Обладая сам очень острым от природы умом, но умом не изощренным в тонкостях научных методов нашего времени, Антоний поэтому и считал ученостью только то, что исходило от природной силы ума. Он отрицал эрудицию, потому что в ней не видел творчества. А признавал научное делание только самобытное, только творческое,только раскрывающее что-то новое, будь то толкование священного текста или изложение какой-нибудь нравст­венной или догматической истины. Помню, как он од­нажды при мне презрительно сказал о какой-то очень ценной русской исторической монографии: «Да ведь это компиляция; все с немцев содрано…» Напрасны были все мои попытки доказать владыке, что то, что он называет «компиляцией», а что правильнее было бы назвать библиографической эрудицией, необходимо нужно для ус­пешной работы над предметом. Он не понимал или не хо­тел понять того, что эти компиляции избавляют дальней­шие поколения ученых от необходимости самим проде­лывать всю ту аналитическую работу, которую проделал «компилятор». Его раздражало перечисление всех мне­ний ученых экзегетов текста. Ему хотелось иметь ясный ответ на тот или иной стих Писания, или вскрыть общую мысль книги, совершенно не углубляясь в то, что могут быть влияния, источники, школы, направления. Все кни­ги Писания были автентичны. Весь текст был неповреж­ден. Вопрос интегритета его просто раздражал. Также раздражали его уточнения какой-нибудь хронологичес­кой даты. А пуще всего он сердился при вопросе об «антиохизме» или «александризме» в богословии…

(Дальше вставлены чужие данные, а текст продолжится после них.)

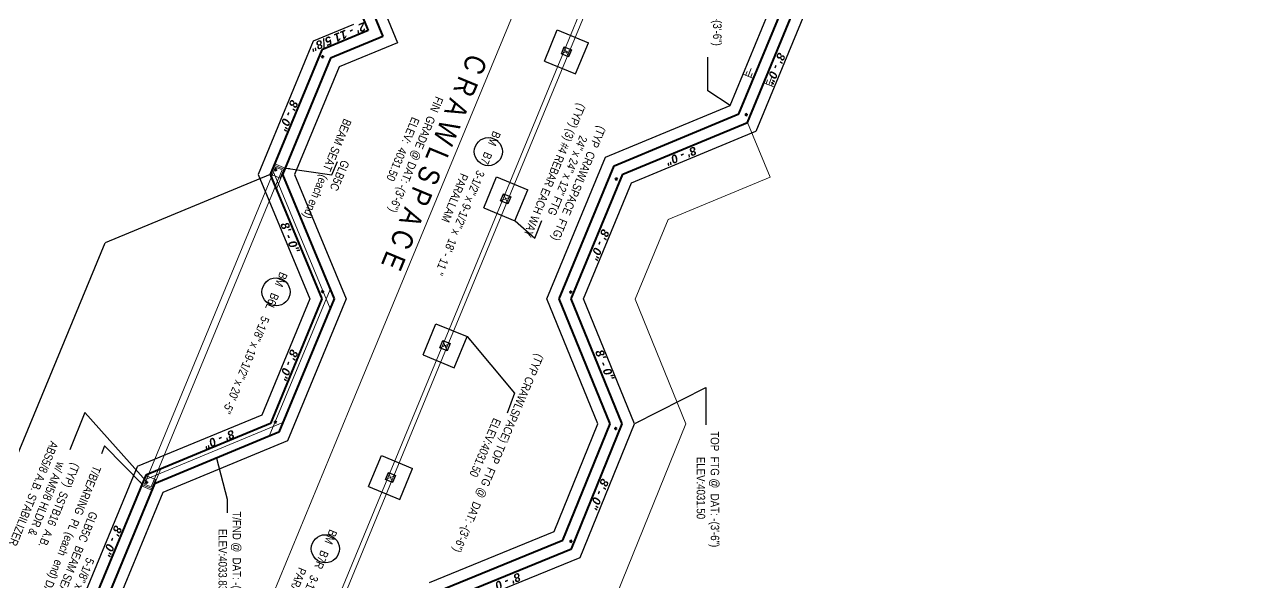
# Model space of a CAD drawing. Extents: x 1662 to 3024, y -14186 to -10515.
# Drawn here: x 2154 to 3024, y -12180 to -11782 of the extents above; entities that cross this region are included whole.
import ezdxf

# ---------------------------------------------------------------- set-up
doc = ezdxf.new("R2010")
doc.units = 0
doc.header["$LTSCALE"] = 50
doc.header["$MEASUREMENT"] = 0
doc.linetypes.add('HIDDEN', pattern=[0.375, 0.25, -0.125])
for name, color, linetype, lineweight in [('BALCONY', 12, 'HIDDEN', 30), ('BEAMS TEXT', 3, 'CONTINUOUS', 20), ('FLOOR BEAMS', 3, 'HIDDEN', 20), ('FOOTING', 7, 'HIDDEN', 30), ('FOOTING TEXT', 7, 'CONTINUOUS', 9), ('FOUNDATION', 7, 'CONTINUOUS', 40), ('FOUNDATION TEXT', 7, 'CONTINUOUS', 9), ('LAYOUT', 6, 'CONTINUOUS', 9), ('WALL FRAMING', 7, 'CONTINUOUS', 30)]:
    doc.layers.add(name, color=color, linetype=linetype, lineweight=lineweight)
doc.layers.add('CONCRETE', color=7, linetype='CONTINUOUS')
doc.styles.add('ARCHENT', font='technical.ttf', dxfattribs={"height": 2})
doc.styles.add('ARCHENTLTD', font='technical.ttf', dxfattribs={"height": 6})
doc.dimstyles.new('ARCHENTLTD', dxfattribs={"dimtxt": 2, "dimasz": 3, "dimexe": 6, "dimexo": 3, "dimgap": 2, "dimtad": 0, "dimdec": 3, "dimzin": 1, "dimdsep": 46, "dimlunit": 4, "dimtxsty": 'ARCHENT', "dimcen": 2, "dimadec": 0, "dimazin": 0, "dimtfac": 1, "dimtdec": 3, "dimtofl": 0, "dimtmove": 0, "dimatfit": 3, "dimfxl": 1, "dimfrac": 2, "dimtolj": 1, "dimtzin": 0, "dimarcsym": 0})

msp = doc.modelspace()

# ---------------------------------------------------------------- hatches: boundary and pattern name
at = {"layer": 'WALL FRAMING', "lineweight": 9, "ltscale": 150}
for points in [[(2366.2577, -11805.8156, 1), (2366.2577, -11805.1906, 1)], [(2667.7613, -11846.973, 1), (2667.7613, -11846.348, 1)], [(2332.9929, -11886.127, 1), (2332.9929, -11885.502, 1)], [(2575.3233, -11892.789, 1), (2575.3233, -11892.164, 1)], [(2366.3072, -11972.8659, 1), (2366.3072, -11972.2409, 1)], [(2542.8894, -11973.2439, 1), (2542.8894, -11972.6189, 1)], [(2332.7604, -12065.7799, 1), (2332.7604, -12065.1549, 1)], [(2574.9143, -12070.3635, 1), (2574.9143, -12069.7385, 1)], [(2241.0151, -12108.699, 1), (2241.0151, -12108.074, 1)], [(2543.0009, -12150.6616, 1), (2543.0009, -12150.0366, 1)]]:
    msp.add_hatch(color=256, dxfattribs=at).paths.add_polyline_path(points)

# ---------------------------------------------------------------- linework, layer by layer
at = {"layer": 'BALCONY', "color": 3, "linetype": 'HIDDEN', "lineweight": 25, "ltscale": 150}
for p, q in [((2329.0784, -11889.1712), (2211.5355, -11937.8254)), ((2105.5976, -12193.7809), (2211.5396, -11937.8237))]:
    msp.add_line(p, q, dxfattribs=at)
at = {"layer": 'BEAMS TEXT', "linetype": 'Continuous', "lineweight": 30, "ltscale": 75}
for centre in [(2484.2509, -11872.9992), (2333.1609, -11972.8097), (2368.2772, -12155.5997)]:
    msp.add_circle(centre, 10, dxfattribs=at)
at = {"layer": 'CONCRETE', "lineweight": 20, "ltscale": 75}
for p, q in [((2684.6947, -11891.0472), (2668.5775, -11852.2627)), ((2684.6947, -11891.0472), (2612.1042, -11921.2138)), ((2588.6432, -11977.896), (2612.1042, -11921.2138)), ((2588.6432, -11977.896), (2624.8763, -12066.609)), ((2575.7546, -12187.8299), (2624.8763, -12066.609))]:
    msp.add_line(p, q, dxfattribs=at)
at = {"layer": 'FLOOR BEAMS', "ltscale": 50}
for p, q in [((2538.171, -11801.3043), (2613.1519, -11619.8469)), ((2541.4233, -11802.6514), (2616.4024, -11621.2001)), ((2451.7756, -12010.3852), (2538.171, -11801.3043)), ((2455.0275, -12011.7319), (2541.4233, -11802.6514)), ((2332.8203, -11884.0662), (2239.4802, -12109.5769)), ((2337.5517, -11886.0358), (2244.2192, -12111.5282)), ((2337.5517, -11886.0358), (2332.8203, -11884.0662)), ((2326.4687, -12313.6338), (2451.7756, -12010.3852)), ((2329.7218, -12314.9751), (2455.0275, -12011.7319)), ((2244.2195, -12111.5274), (2239.4802, -12109.5769))]:
    msp.add_line(p, q, dxfattribs=at)
at = {"layer": 'FLOOR BEAMS', "ltscale": 75}
for p, q in [((2541.4233, -11802.6514), (2538.171, -11801.3043)), ((2455.0394, -12011.737), (2451.787, -12010.3898))]:
    msp.add_line(p, q, dxfattribs=at)
at = {"layer": 'FOOTING', "ltscale": 75}
for p, q in [((2393.1054, -11731.2527), (2419.6712, -11795.4589)), ((2656.3179, -11840.0384), (2687.8991, -11763.5578)), ((2674.7076, -11858.3854), (2713.8762, -11763.53)), ((2388.3179, -11782.4696), (2359.6689, -11794.3453)), ((2359.6673, -11794.3469), (2320.4187, -11889.1719)), ((2419.674, -11795.4521), (2378.0403, -11812.7102)), ((2378.0419, -11812.7086), (2346.3952, -11889.1673)), ((2567.6841, -11876.8722), (2656.3179, -11840.0384)), ((2586.0681, -11895.2222), (2674.7064, -11858.3866)), ((2525.9232, -11977.7781), (2567.6908, -11876.8671)), ((2320.4187, -11889.1741), (2357.1803, -11977.8585)), ((2346.3952, -11889.1651), (2383.1568, -11977.8494)), ((2551.8815, -11977.8175), (2586.0681, -11895.2222)), ((2357.1803, -11977.8563), (2322.9991, -12060.4386)), ((2383.1568, -11977.8517), (2341.3736, -12078.8003)), ((2562.2603, -12066.7027), (2525.9233, -11977.7352)), ((2588.1922, -12066.7206), (2551.8815, -11977.8175)), ((2323.0006, -12060.437), (2234.3322, -12097.192)), ((2531.1847, -12143.3902), (2562.2603, -12066.7027)), ((2549.6502, -12161.726), (2588.1921, -12066.6134)), ((2341.372, -12078.8019), (2252.7082, -12115.555)), ((2234.3241, -12097.2001), (2195.1775, -12192.0641)), ((2252.7162, -12115.5469), (2221.1519, -12192.037)), ((2442.3962, -12179.6545), (2531.1847, -12143.3902)), ((2460.7262, -12198.0926), (2549.5713, -12161.8051))]:
    msp.add_line(p, q, dxfattribs=at)
at = {"layer": 'FOOTING', "ltscale": 50}
for p, q in [((2524.1353, -11808.5129), (2533.3197, -11786.3398)), ((2533.3197, -11786.3398), (2555.4928, -11795.5242)), ((2546.3084, -11817.6974), (2555.4928, -11795.5242)), ((2524.1353, -11808.5129), (2546.3084, -11817.6974)), ((2480.9293, -11913.0723), (2490.1137, -11890.8992)), ((2490.1137, -11890.8992), (2512.2868, -11900.0836)), ((2503.1024, -11922.2567), (2512.2868, -11900.0836)), ((2480.9293, -11913.0723), (2503.1024, -11922.2567)), ((2437.7513, -12017.5985), (2446.9357, -11995.4254)), ((2446.9357, -11995.4254), (2469.1088, -12004.6098)), ((2459.9244, -12026.7829), (2469.1088, -12004.6098)), ((2437.7513, -12017.5985), (2459.9244, -12026.7829)), ((2398.9744, -12111.4043), (2408.1588, -12089.2312)), ((2408.1588, -12089.2312), (2430.3319, -12098.4156)), ((2421.1475, -12120.5887), (2430.3319, -12098.4156)), ((2398.9744, -12111.4043), (2421.1475, -12120.5887))]:
    msp.add_line(p, q, dxfattribs=at)
at = {"layer": 'FOOTING', "lineweight": 9, "ltscale": 75}
for p, q in [((2672.8673, -11820.9208), (2665.478, -11817.8552)), ((2667.2972, -11818.6933), (2668.3393, -11815.8801)), ((2669.1727, -11819.388), (2671.2568, -11813.7616)), ((2671.0481, -11820.0827), (2672.0902, -11817.2695)), ((2687.5009, -11826.9886), (2680.1116, -11823.9229)), ((2681.9308, -11824.761), (2682.9729, -11821.9478)), ((2683.8063, -11825.4557), (2685.8904, -11819.8293)), ((2685.6817, -11826.1505), (2686.7238, -11823.3373))]:
    msp.add_line(p, q, dxfattribs=at)
at = {"layer": 'FOUNDATION', "ltscale": 75}
for p, q in [((2375.7875, -11731.2471), (2398.7477, -11786.7387)), ((2384.4467, -11731.2505), (2409.2204, -11791.1253)), ((2662.4477, -11846.1543), (2696.5583, -11763.5481)), ((2668.5775, -11852.2703), (2705.2175, -11763.5383)), ((2398.7716, -11786.7965), (2365.7923, -11800.4671)), ((2409.2204, -11791.1253), (2371.9169, -11806.5884)), ((2365.7923, -11800.4671), (2329.0774, -11889.1707)), ((2371.9169, -11806.5884), (2337.7365, -11889.1685)), ((2573.8158, -11882.9873), (2662.4477, -11846.1543)), ((2579.942, -11889.1047), (2668.5775, -11852.2703)), ((2534.5819, -11977.7769), (2573.8158, -11882.9873)), ((2329.0774, -11889.1707), (2365.839, -11977.8551)), ((2337.7365, -11889.1685), (2374.4981, -11977.8528)), ((2543.2317, -11977.7972), (2579.942, -11889.1047)), ((2365.839, -11977.8551), (2329.1241, -12066.5588)), ((2374.4981, -11977.8528), (2335.2486, -12072.6801)), ((2570.897, -12066.6908), (2534.5819, -11977.7769)), ((2579.5337, -12066.6789), (2543.2317, -11977.7972)), ((2329.1241, -12066.5588), (2240.4556, -12103.3138)), ((2537.3322, -12149.5208), (2570.897, -12066.6908)), ((2543.4798, -12155.6515), (2579.5337, -12066.6789)), ((2335.2486, -12072.6801), (2246.5847, -12109.4332)), ((2240.4556, -12103.3138), (2203.8362, -12192.0538)), ((2246.5847, -12109.4332), (2212.4932, -12192.0474)), ((2448.4876, -12185.8081), (2537.3322, -12149.5208)), ((2454.6069, -12191.9503), (2543.4798, -12155.6515))]:
    msp.add_line(p, q, dxfattribs=at)
at = {"layer": 'FOUNDATION', "color": 7, "lineweight": 9, "ltscale": 75}
for p, q in [((2329.6408, -11889.2475), (2332.3271, -11882.81)), ((2332.2505, -11881.6952), (2339.6379, -11884.7656)), ((2332.3271, -11882.81), (2338.7911, -11885.4966)), ((2336.1048, -11891.9341), (2338.7911, -11885.4966)), ((2329.6408, -11889.2475), (2336.1048, -11891.9341)), ((2337.8394, -11889.0927), (2333.4975, -11899.5393)), ((2240.8926, -12103.6643), (2238.2435, -12110.1172)), ((2240.8926, -12103.6643), (2247.3644, -12106.3318)), ((2246.5835, -12109.568), (2250.8947, -12099.1087)), ((2237.4014, -12110.8517), (2244.7978, -12113.9004)), ((2238.2435, -12110.1172), (2244.7153, -12112.7847)), ((2247.3644, -12106.3318), (2244.7153, -12112.7847))]:
    msp.add_line(p, q, dxfattribs=at)
at = {"layer": 'FOUNDATION', "color": 1, "lineweight": 9, "ltscale": 75}
for p, q in [((2331.6178, -11888.1177), (2371.6587, -11984.713)), ((2371.655, -11970.9941), (2328.3899, -12075.5232)), ((2338.0881, -12065.8199), (2241.5086, -12105.8542))]:
    msp.add_line(p, q, dxfattribs=at)
at = {"layer": 'FOUNDATION', "lineweight": 50, "ltscale": 1.5}
for centre in [(2366.2577, -11805.5031), (2667.7613, -11846.6605), (2332.9929, -11885.8145), (2575.3233, -11892.4765), (2366.3072, -11972.5534), (2542.8894, -11972.9314), (2332.7604, -12065.4674), (2574.9143, -12070.051), (2241.0151, -12108.3865), (2543.0009, -12150.3491)]:
    msp.add_circle(centre, 0.5, dxfattribs=at)
at = {"layer": 'LAYOUT', "color": 6, "ltscale": 150}
for p, q in [((2385.2523, -12056.8448), (3023.7798, -10514.624)), ((2222.4188, -12450.1327), (2385.251, -12056.8478))]:
    msp.add_line(p, q, dxfattribs=at)
at = {"layer": 'WALL FRAMING', "color": 6, "lineweight": 9, "ltscale": 75}
for p, q in [((2543.3902, -11800.4896), (2536.2041, -11803.4661)), ((2541.2855, -11805.5709), (2538.3089, -11798.3848)), ((2500.1842, -11905.0489), (2492.9981, -11908.0255)), ((2498.0795, -11910.1302), (2495.1029, -11902.9441)), ((2457.0062, -12009.5751), (2449.8202, -12012.5517)), ((2454.9015, -12014.6565), (2451.9249, -12007.4704)), ((2418.2293, -12103.3809), (2411.0432, -12106.3575)), ((2416.1246, -12108.4623), (2413.148, -12101.2762))]:
    msp.add_line(p, q, dxfattribs=at)
at = {"layer": 'WALL FRAMING', "color": 6, "ltscale": 75}
for points in [[(2543.3902, -11800.4896), (2541.2855, -11805.5709), (2536.2041, -11803.4661), (2538.3089, -11798.3848)], [(2500.1842, -11905.0489), (2498.0795, -11910.1302), (2492.9981, -11908.0255), (2495.1029, -11902.9441)], [(2457.0062, -12009.5751), (2454.9015, -12014.6565), (2449.8202, -12012.5517), (2451.9249, -12007.4704)], [(2418.2293, -12103.3809), (2416.1246, -12108.4623), (2411.0432, -12106.3575), (2413.148, -12101.2762)]]:
    msp.add_lwpolyline(points, close=True, dxfattribs=at)
at = {"layer": 'WALL FRAMING', "color": 9, "linetype": 'Continuous', "lineweight": 5, "ltscale": 150}
for centre in [(2366.2577, -11805.5031), (2667.7613, -11846.6605), (2332.9929, -11885.8145), (2575.3233, -11892.4765), (2366.3072, -11972.5534), (2542.8894, -11972.9314), (2332.7604, -12065.4674), (2574.9143, -12070.051), (2241.0151, -12108.3865), (2543.0009, -12150.3491)]:
    msp.add_circle(centre, 0.3125, dxfattribs=at)

# ---------------------------------------------------------------- texts
at = {"layer": 'BEAMS TEXT', "linetype": 'Continuous', "lineweight": 9, "char_height": 6, "attachment_point": 5, "rotation": 247.6375, "style": 'ARCHENTLTD'}
for s, insert in [('BM   B7   3-1/2" x 9-1/2" x  18\' - 11 "\\PPARALLAM \\P\\P  ', (2455.7559, -11904.0464)), ('BM   B6L   5-1/8" x 19-1/2" x 20\' -5" \\P\\P  ', (2309.0043, -12005.3757)), ('BM   B7R   3-1/2" x 9-1/2" x 27\'-4" \\PPARALLAM\\P\\P  ', (2340.6036, -12184.5733)), ('5-1/8" x 12" x 8\'-6"  BM   B6R \\P\\P  ', (2174.911, -12200.2348))]:
    msp.add_mtext(s, dxfattribs=dict(at, insert=insert))
at = {"layer": 'FOOTING TEXT', "ltscale": 50, "char_height": 6, "attachment_point": 5, "style": 'ARCHENT'}
for s, insert, rotation in [(' TOP  FTG @  DAT: -(3\'-6") \\PELEV:4031.50', (2642.1021, -11755.4735), 270.0927778), (' GLB5C\\PBEAM SEAT  (each end)', (2373.367, -11886.8086), 247.2106147), ('(TYP CRAWLSPACE) TOP  FTG @  DAT: -(3\'-6") \\PELEV:4031.50', (2486.6584, -12085.6311), 247.0331386), (' (TYP)  SSTB16  A.B.\\Pw/ AM5/8 HLDR &\\PABS5/8 A.B. STABILIZER', (2169.843, -12120.1688), 247.8431585), (' TOP  FTG @  DAT: -(3\'-6") \\PELEV:4031.50', (2640.4405, -12112.3404), 270.0927778), (' GLB5C  BEAM SEAT\\PT/BEARING  PL (each  end) DAT: -(2\'-0")', (2186.1624, -12156.9618), 247.8431586)]:
    msp.add_mtext(s, dxfattribs=dict(at, insert=insert, rotation=rotation))
at = {"layer": 'FOUNDATION TEXT', "color": 1, "lineweight": 20, "ltscale": 75, "char_height": 6, "width": 48.625, "attachment_point": 1, "style": 'ARCHENTLTD'}
for s, insert, rotation in [('{\\fArial|b1|i1|c0|p34;2\' - 11 5/8"}', (2397.7419, -11786.3314), 202.2855903), ('{\\fArial|b1|i1|c0|p34;8\' - 0"}', (2696.0415, -11804.3586), 247.2855903), ('{\\fArial|b1|i1|c0|p34;8\' - 0"}', (2349.3263, -11837.9623), 247.2855903), ('{\\fArial|b1|i1|c0|p34;8\' - 0"}', (2633.2247, -11874.6461), 202.2855903), ('{\\fArial|b1|i1|c0|p34;8\' - 0"}', (2341.6283, -11922.4581), 292.2855903), ('{\\fArial|b1|i1|c0|p34;8\' - 0"}', (2570.7659, -11929.925), 247.2855903), ('{\\fArial|b1|i1|c0|p34;8\' - 0"}', (2349.3067, -12015.5364), 247.2855903), ('{\\fArial|b1|i1|c0|p34;8\' - 0"}', (2565.6075, -12013.1499), 292.2855903), ('{\\fArial|b1|i1|c0|p34;8\' - 0"}', (2304.4775, -12076.3173), 202.2855903), ('{\\fArial|b1|i1|c0|p34;8\' - 0"}', (2570.3576, -12107.4992), 247.2855903), ('{\\fArial|b1|i1|c0|p34;8\' - 0"}', (2223.9913, -12140.8078), 247.2855903), ('{\\fArial|b1|i1|c0|p34;8\' - 0"}', (2508.1255, -12178.0311), 202.2855903)]:
    msp.add_mtext(s, dxfattribs=dict(at, insert=insert, rotation=rotation))
at = {"layer": 'FOUNDATION TEXT', "ltscale": 50, "attachment_point": 5, "style": 'ARCHENT'}
for s, insert, char_height, rotation in [('C R A W L S P A C E', (2445.7679, -11880.6672), 15, 247.5), ('FIN  GRADE @ DAT: -(3\'-6")\\PELEV:  4031.50', (2428.0968, -11873.1826), 6, 247.5), ('24" x 24" x 12" FTG\\P(TYP) (3) #4 REBAR EACH WAY', (2535.1454, -11887.8592), 6, 247.5), ('(TYP  CRAWLSPACE  FTG)', (2547.6499, -11895.3294), 6, 247.5), (' T/FND @  DAT: -(1\'-2") \\PELEV:4033.83', (2300.2167, -12163.597), 6, 270)]:
    msp.add_mtext(s, dxfattribs=dict(at, insert=insert, char_height=char_height, rotation=rotation))

# ---------------------------------------------------------------- leaders
at = {"layer": 'FOOTING TEXT', "ltscale": 75}
msp.add_leader([(2656.3179, -11840.0384), (2640.5068, -11829.639), (2640.5068, -11805.7243)], dimstyle='ARCHENTLTD', override={"dimgap": 1, "dimtad": 0}, dxfattribs=at)
at = {"layer": 'FOOTING TEXT', "ltscale": 10}
for points in [[(2340.054, -11884.6536), (2372.8628, -11889.4924), (2376.946, -11880.1024)], [(2503.2233, -11922.3457), (2517.3972, -11934.461), (2522.2415, -11921.9248)], [(2588.5001, -12066.501), (2639.0898, -12040.8726), (2639.0898, -12067.5013)], [(2240.823, -12107.5705), (2197.084, -12058.6692), (2186.4081, -12085.1865)], [(2238.4203, -12110.0405), (2211.0374, -12082.2787), (2208.9512, -12088.0927)]]:
    msp.add_leader(points, dimstyle='ARCHENTLTD', override={"dimgap": 1, "dimtad": 0}, dxfattribs=at)
at = {"layer": 'FOOTING TEXT', "lineweight": 9, "ltscale": 10}
msp.add_leader([(2469.1088, -12004.6098), (2502.8472, -12044.9722), (2497.5454, -12059.0659)], dimstyle='ARCHENTLTD', override={"dimgap": 1, "dimtad": 0}, dxfattribs=at)
at = {"layer": 'FOUNDATION TEXT', "ltscale": 10}
msp.add_leader([(2290.9167, -12091.0567), (2298.4818, -12120.2177), (2298.4818, -12130.1019)], dimstyle='ARCHENTLTD', override={"dimgap": 1, "dimtad": 0}, dxfattribs=at)

doc.saveas('drawing.dxf')

Да, в свое время архимандрит Антоний многих и мно­гих спас от Ренана, показав всю его дешевку. Тогда Ренан был в моде и был опасен. Наше время знает Древса, Делича, Вельгаузена и многих других, против которых нужно иное оружие, выкованное в более серьезной науч­ной лаборатории. То же можно сказать и про многие дру­гие области историко-богословского ведения. Антоний, как и многие наши консерваторы среди благочестивых архиереев и мирян, смертельно боялся вопроса о непод­линности источника. Он считал достижением, скажу больше, панацеей против всей ветхозаветной критики диссертацию Фаддея (Успенского) о единстве книги пророка Исайи. Он просто не понимал, что значит критика текста, в чем проблема интегритета или автентичности текста. Он был более в этом отставшим, чем знаменитый профессор Санкт-Петербургской Академии ученый протоиерей Герасим Павский, который еще во времена   Филарета  говорил  о   не-единстве  пророка Исайи, и лекции которого были с разрешения тогдашнего начальства литографированы, и по ним студенты сда­вали свои экзамены. Точно так же я его однажды на­смерть огорчил, доказывая ему неподлинность Ареопагитиков, или что IV и V книги против Евномия написа­ны вовсе не св. Василием Великим, а, вероятно, Дидимом Слепцом, и т. д. и т. д.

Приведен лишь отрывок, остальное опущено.